# Kitchen Remodel... HELP!!!



## Homewrecker1989 (Jan 2, 2017)

Ok I sure wish I could post pictures from my phone on here but it won't allow me to. Please refer to Home Depot on what I have so far.

I am remodeling my house. So far I have laid 12 x 24 stick tiles called Petrified Wood (Home Depot) throughout my dining room, bathroom and kitchen. I redid all the cabinets in the kitchen with cherry wood stain and placed Laminate counter tops down, color called Typhoon Ice (Home Depot) Now I am at a stand still on a back splash that will flow good with my colors. So far it looks GREAT but definitely needs a backsplash. I was thinking about just going with a white to be on the safe side, but not sure. Also looking for a color for the remaining walls. The Typhoon Ice as well as the Petrified Wood flooring has bits of tan in it so I was thinking a tan but then again with my cherry wood cabinets, maybe a darker brownish/cherry color to accent my cabinets?

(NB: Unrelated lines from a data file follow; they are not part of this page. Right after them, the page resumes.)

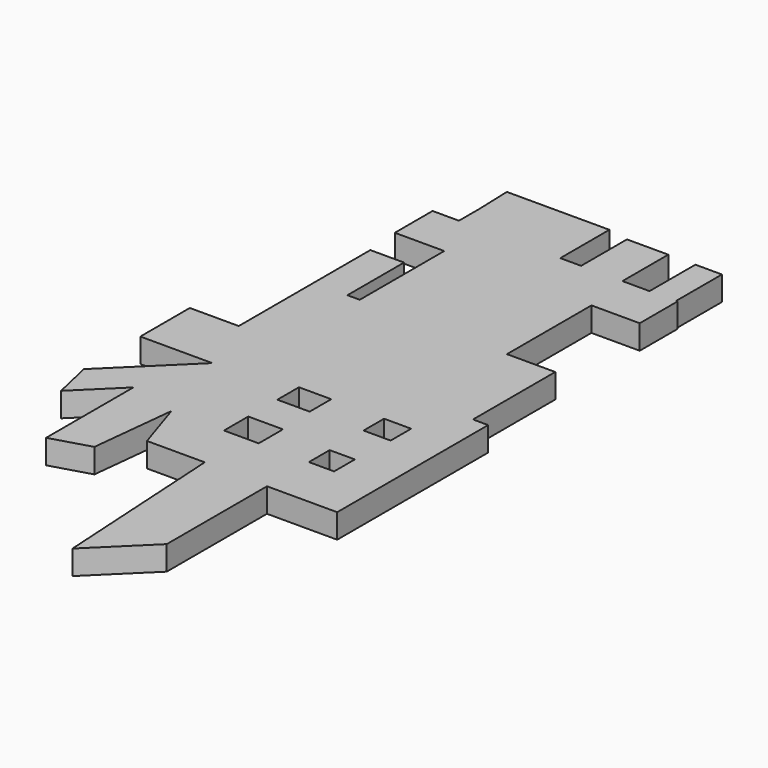
from build123d import *

# Parameters (mm, degrees)
F1_W     = 9.3304801267
F1_H     = 7.7842138708
F1_W_2   = 7.8273694962
F1_H_2   = 7.4135381728
F1_W_3   = 29.2622358538
F1_H_3   = 7.2785243392
F1_W_4   = 7.6639167964
F1_H_4   = 5.8850795031
F1_H_5   = 10.659635067
F2_DEPTH = 7


# Not quite as in the source:
# - a feature names something its author has since deleted; it is built from what else it names


with BuildPart() as f2:
    # F1 (on Top) → F2 (new body)
    with BuildSketch(Plane.XY):
        Polygon((-41.9203750789, 47.4954210222), (-41.9203750789, 16.0942748189), (-3.3160478342, 16.0942748189), (-3.3160478342, 27.0578376949), (-14.6702602506, 27.0578376949), (-14.6702602506, 34.84358266), (-3.3160478342, 34.84358266), (-3.3160478342, 47.4954210222), (-14.6702602506, 47.4954210222), (-14.6702602506, 57.5520098209), (0, 57.5520098209), (0, 16.0942748189), (27.8269369155, 16.0942748189), (27.8269369155, 18.2988718152), (27.8269369155, 27.0578376949), (13.8774756342, 27.0578376949), (13.8774756342, 57.5520098209), (27.8269369155, 57.5520098209), (27.8269369155, 71.1770653725), (27.4223256856, 71.1770653725), (19.7584088892, 71.1770653725), (11.9310393929, 71.1770653725), (11.9310393929, 87.7217799425), (0, 87.7217799425), (0, 71.1770653725), (-6.0202269815, 71.1770653725), (-35.2824628353, 71.1770653725), (-42.8935922682, 71.1770653725), (-42.8935922682, 57.5520098209), (-28.6197233945, 57.5520098209), (-28.6197233945, 27.0578376949), (-32.1881920099, 27.0578376949), (-32.1881920099, 47.4954210222), align=None)
        Polygon((-3.3160478342, 16.0942748189), (-41.9203750789, 16.0942748189), (-41.9203750789, 0), (-3.3160478342, 0), (-3.3160478342, 12.5654535368), align=None)
        Polygon((-3.3160478342, 27.0578376949), (-3.3160478342, 16.0942748189), (-3.3160478342, 12.5654535368), (11.9310393929, 12.5654535368), (11.9310393929, -2.6322980411), (27.8269369155, -2.6322980411), (27.8269369155, 16.0942748189), (0, 16.0942748189), (0, 57.5520098209), (-14.6702602506, 57.5520098209), (-14.6702602506, 47.4954210222), (-3.3160478342, 47.4954210222), (-3.3160478342, 34.84358266), (-14.6702602506, 34.84358266), (-14.6702602506, 27.0578376949), align=None)
        Polygon((-3.3160478342, 0), (-41.9203750789, 0), (-56.0475625098, 0), (-56.0475625098, -17.8618896753), (-35.2824628353, -17.8618896753), (-56.0475625098, -38.2491163909), (-53.4528233111, -49.7401021421), (-41.7488545561, -38.2491163909), (-41.7488545561, -69.7566494346), (-30.4708592594, -66.4205625653), (-27.8442800045, -41.9240482152), (-23.0254810303, -56.7511208355), (-6.3450210728, -56.7511208355), (-3.3160478342, -108.2752048969), (11.9310393929, -93.3055765817), (11.9310393929, -57.1217983961), (32.2053730488, -57.1217983961), (32.2053730488, -2.6322980411), (27.8269369155, -2.6322980411), (11.9310393929, -2.6322980411), (11.9310393929, 12.5654535368), (-3.3160478342, 12.5654535368), align=None)
        Polygon((-12.6465279609, -38.2491163909), (-12.6465279609, -34.5105081797), (-12.6465279609, -33.1628471613), (-2.621053718, -33.1628471613), (-2.621053718, -41.9242307544), (-12.6465279609, -41.9242307544), align=None, mode=Mode.SUBTRACT)
        with Locations((-7.9812878976, -18.7567416579)):
            Rectangle(F1_W, F1_H, mode=Mode.SUBTRACT)
        Polygon((11.9310393929, -41.9240482152), (11.9310393929, -38.2491163909), (11.9310393929, -34.5105081797), (19.2130599171, -34.5105081797), (19.2130599171, -41.9973358512), (11.9310393929, -41.9973358512), align=None, mode=Mode.SUBTRACT)
        with Locations((15.8447241411, -18.5714038089)):
            Rectangle(F1_W_2, F1_H_2, mode=Mode.SUBTRACT)
        with Locations((-20.6513449084, 74.8163275421)):
            Rectangle(F1_W_3, F1_H_3)
        Polygon((-35.6308221817, 88.9063850045), (-35.2824628353, 78.4555897117), (-6.0202269815, 78.4555897117), (-6.0202269815, 88.9063850045), align=None)
        with Locations((23.5903672874, 74.119605124)):
            Rectangle(F1_W_4, F1_H_4)
        with Locations((23.5903672874, 82.391962409)):
            Rectangle(F1_W_4, F1_H_5)
    extrude(amount=F2_DEPTH)


solid = f2.part

My kitchen size is 15' x 10'. 
Please help!!!


----------



## oldognewtrick (Jan 2, 2017)

Try posting pics now. And  to House Repair Talk!


----------



## havasu (Jan 2, 2017)

If you post up a few pics, our contractors could give you some great ideas.


----------



## nealtw (Jan 2, 2017)

Or find the product at HD site and post the links.


----------



## slownsteady (Jan 8, 2017)

How about purple? But then, there is no accounting for taste, is there? Put in whatever you like, instead of asking a bunch of strangers to decide for you.


----------